阿青沒工夫和他多解釋,她盤算著現在趕去機場還需要多久。金皓立馬從床上蹦起來,他走到門口一把揪住阿青。
“快回來。三更半夜的折騰什麽。我猜按照沈晏君的效率,她早就走了。”
金皓說的不無道理,阿青的熱情就被一盆冷水澆滅了。她換好睡衣躺在床上,過了一會又翻身起來。
“你幹嘛。”金皓是怕了她了。
“我總能發個短信給嚴淮琛吧,他是你哥們。他的感情你不擔心啊。”阿青嘴上說擔心,其實心裏更偏向沈晏君。

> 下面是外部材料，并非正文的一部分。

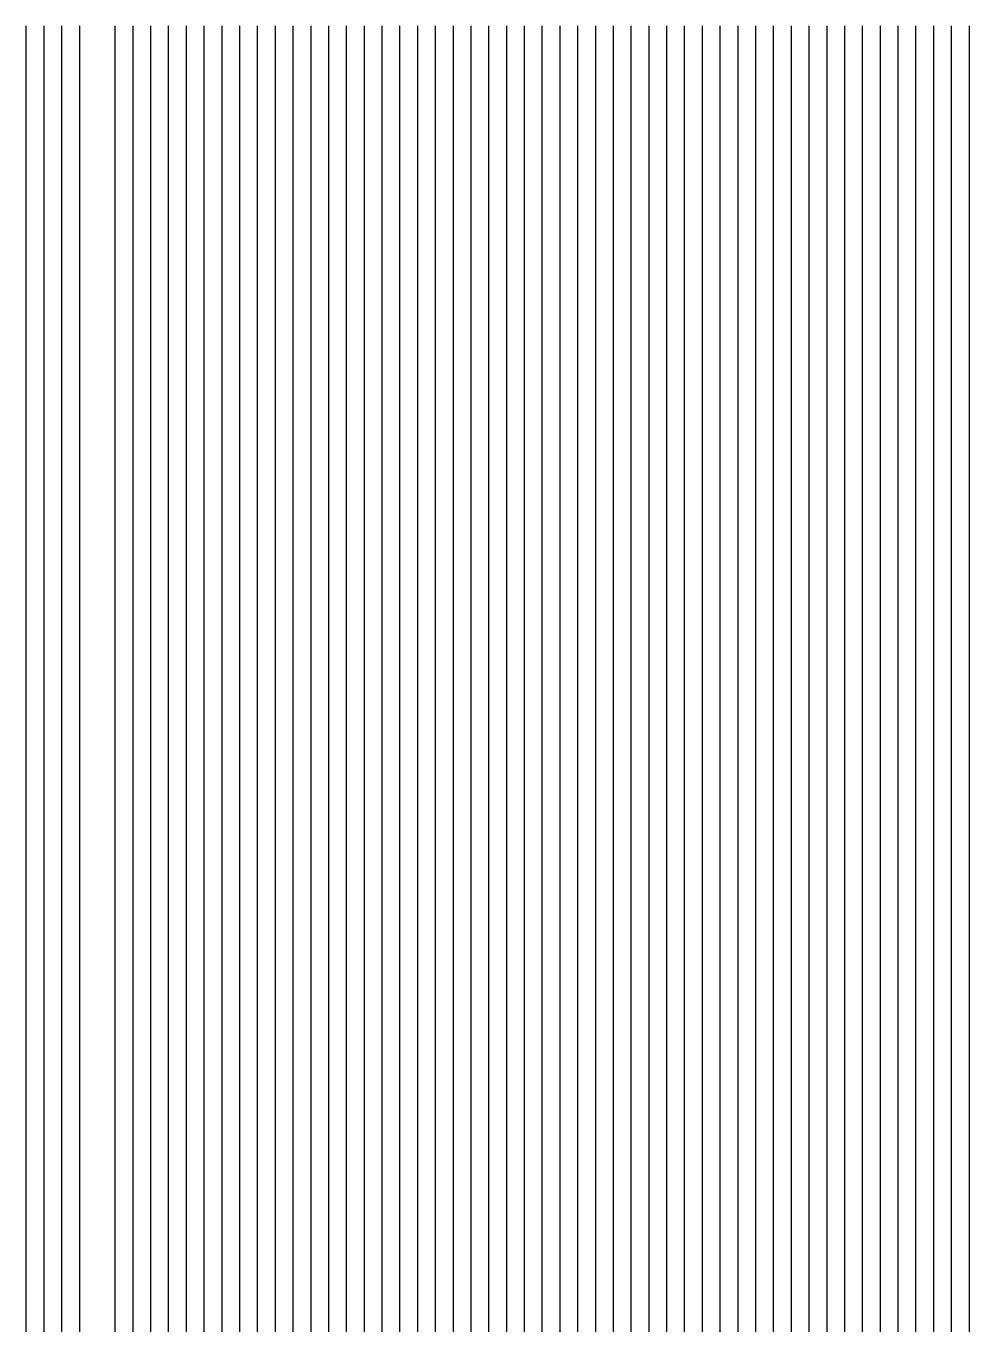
# Model space of a CAD drawing. Header units: millimetres. Extents: x -106 to 66, y -32 to 42.
# Drawn here: x -52.2 to -41.6, y 27.8 to 42.39 of the extents above; entities that cross this region are included whole.
import ezdxf

# ---------------------------------------------------------------- set-up
doc = ezdxf.new("R2010")
doc.units = ezdxf.units.MM
doc.layers.add('默认', color=18, linetype='Continuous', true_color=0x000000)

msp = doc.modelspace()

# ---------------------------------------------------------------- linework, layer by layer
at = {"layer": '默认'}
for points in [[(-52.2, 42.394), (-52.2, 36.46)], [(-52.2, 42.394), (-52.2, 36.407)], [(-52.2, 42.394), (-52.2, 36.199)], [(-52.2, 42.394), (-52.2, 35.873)], [(-52.2, 42.394), (-52.2, 35.413)], [(-52.2, 42.394), (-52.2, 34.804)], [(-52.2, 42.394), (-52.2, 34.05)], [(-52.2, 42.394), (-52.2, 33.176)], [(-52.2, 42.394), (-52.2, 32.221)], [(-52.2, 42.394), (-52.2, 31.221)], [(-52.2, 42.394), (-52.2, 30.196)], [(-52.2, 42.394), (-52.2, 29.148)], [(-52.2, 42.394), (-52.2, 28.073)], [(-52.2, 42.394), (-52.2, 26.967)], [(-52.2, 42.394), (-52.2, 25.822)], [(-52.2, 42.394), (-52.2, 24.62)], [(-52.2, 42.394), (-52.2, 23.32)], [(-52.2, 42.394), (-52.2, 21.804)], [(-52.2, 42.394), (-52.2, 19.804)], [(-52.2, 42.394), (-52.2, 15.855)], [(-52, 42.394), (-52, 36.495)], [(-52, 42.394), (-52, 36.44)], [(-52, 42.394), (-52, 36.23)], [(-52, 42.394), (-52, 35.9)], [(-52, 42.394), (-52, 35.436)], [(-52, 42.394), (-52, 34.822)], [(-52, 42.394), (-52, 34.062)], [(-52, 42.394), (-52, 33.183)], [(-52, 42.394), (-52, 32.224)], [(-52, 42.394), (-52, 31.22)], [(-52, 42.394), (-52, 30.192)], [(-52, 42.394), (-52, 29.141)], [(-52, 42.394), (-52, 28.064)], [(-52, 42.394), (-52, 26.956)], [(-52, 42.394), (-52, 25.809)], [(-52, 42.394), (-52, 24.604)], [(-52, 42.394), (-52, 23.297)], [(-52, 42.394), (-52, 21.765)], [(-52, 42.394), (-52, 19.749)], [(-52, 42.394), (-52, 15.775)], [(-51.8, 42.394), (-51.8, 36.53)], [(-51.8, 42.394), (-51.8, 36.473)], [(-51.8, 42.394), (-51.8, 36.26)], [(-51.8, 42.394), (-51.8, 35.927)], [(-51.8, 42.394), (-51.8, 35.458)], [(-51.8, 42.394), (-51.8, 34.84)], [(-51.8, 42.394), (-51.8, 34.074)], [(-51.8, 42.394), (-51.8, 33.19)], [(-51.8, 42.394), (-51.8, 32.226)], [(-51.8, 42.394), (-51.8, 31.219)], [(-51.8, 42.394), (-51.8, 30.188)], [(-51.8, 42.394), (-51.8, 29.133)], [(-51.8, 42.394), (-51.8, 28.054)], [(-51.8, 42.394), (-51.8, 26.944)], [(-51.8, 42.394), (-51.8, 25.794)], [(-51.8, 42.394), (-51.8, 24.587)], [(-51.8, 42.394), (-51.8, 23.273)], [(-51.8, 42.394), (-51.8, 21.724)], [(-51.8, 42.394), (-51.8, 19.693)], [(-51.8, 42.394), (-51.8, 15.693)], [(-51.6, 42.394), (-51.6, 36.563)], [(-51.6, 42.394), (-51.6, 36.506)], [(-51.6, 42.394), (-51.6, 36.29)], [(-51.6, 42.394), (-51.6, 35.953)], [(-51.6, 42.394), (-51.6, 35.481)], [(-51.6, 42.394), (-51.6, 34.857)], [(-51.6, 42.394), (-51.6, 34.086)], [(-51.6, 42.394), (-51.6, 33.197)], [(-51.6, 42.394), (-51.6, 32.227)], [(-51.6, 42.394), (-51.6, 31.217)], [(-51.6, 42.394), (-51.6, 30.182)], [(-51.6, 42.394), (-51.6, 29.125)], [(-51.6, 42.394), (-51.6, 28.043)], [(-51.6, 42.394), (-51.6, 26.93)], [(-51.6, 42.394), (-51.6, 25.779)], [(-51.6, 42.394), (-51.6, 24.569)], [(-51.6, 42.394), (-51.6, 23.246)], [(-51.6, 42.394), (-51.6, 21.679)], [(-51.6, 42.394), (-51.6, 19.639)], [(-51.6, 42.394), (-51.6, 15.605)], [(-51.2, 42.394), (-51.2, 36.629)], [(-51.2, 42.394), (-51.2, 36.569)], [(-51.2, 42.394), (-51.2, 36.348)], [(-51.2, 42.394), (-51.2, 36.004)], [(-51.2, 42.394), (-51.2, 35.523)], [(-51.2, 42.394), (-51.2, 34.89)], [(-51.2, 42.394), (-51.2, 34.108)], [(-51.2, 42.394), (-51.2, 33.208)], [(-51.2, 42.394), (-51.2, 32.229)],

金皓搶走她的手機,抓起被子蓋住阿青,哄小孩似的摸著她的腦袋,“明天再說,睡覺重要。”
沈晏君整整體驗了幾小時的空中旅程,來到了中國最南端的邊緣小城市。她很久之前就希望能來江南水鄉的地方看看,體會柔情之美,現在就是個好機會。
“各位旅客大家好,本次航班還有半小時即將結束。感謝您對本次航班的支持,祝您旅途愉快。”
望了眼窗外的雲端慢慢遠去,沈晏君關掉ipad裏緩存的電影,在座椅上伸了個懶腰。長達四小時的觀影體驗,讓她一口氣追完了不少以前囤貨的電影。
她扭頭還打算去下衛生間,卻看見身旁座椅上的男人抱著雙臂,寬大的連帽衫遮擋住他的臉型。沈晏君這才回憶起,這個男人似乎剛上飛機就開始呼呼大睡。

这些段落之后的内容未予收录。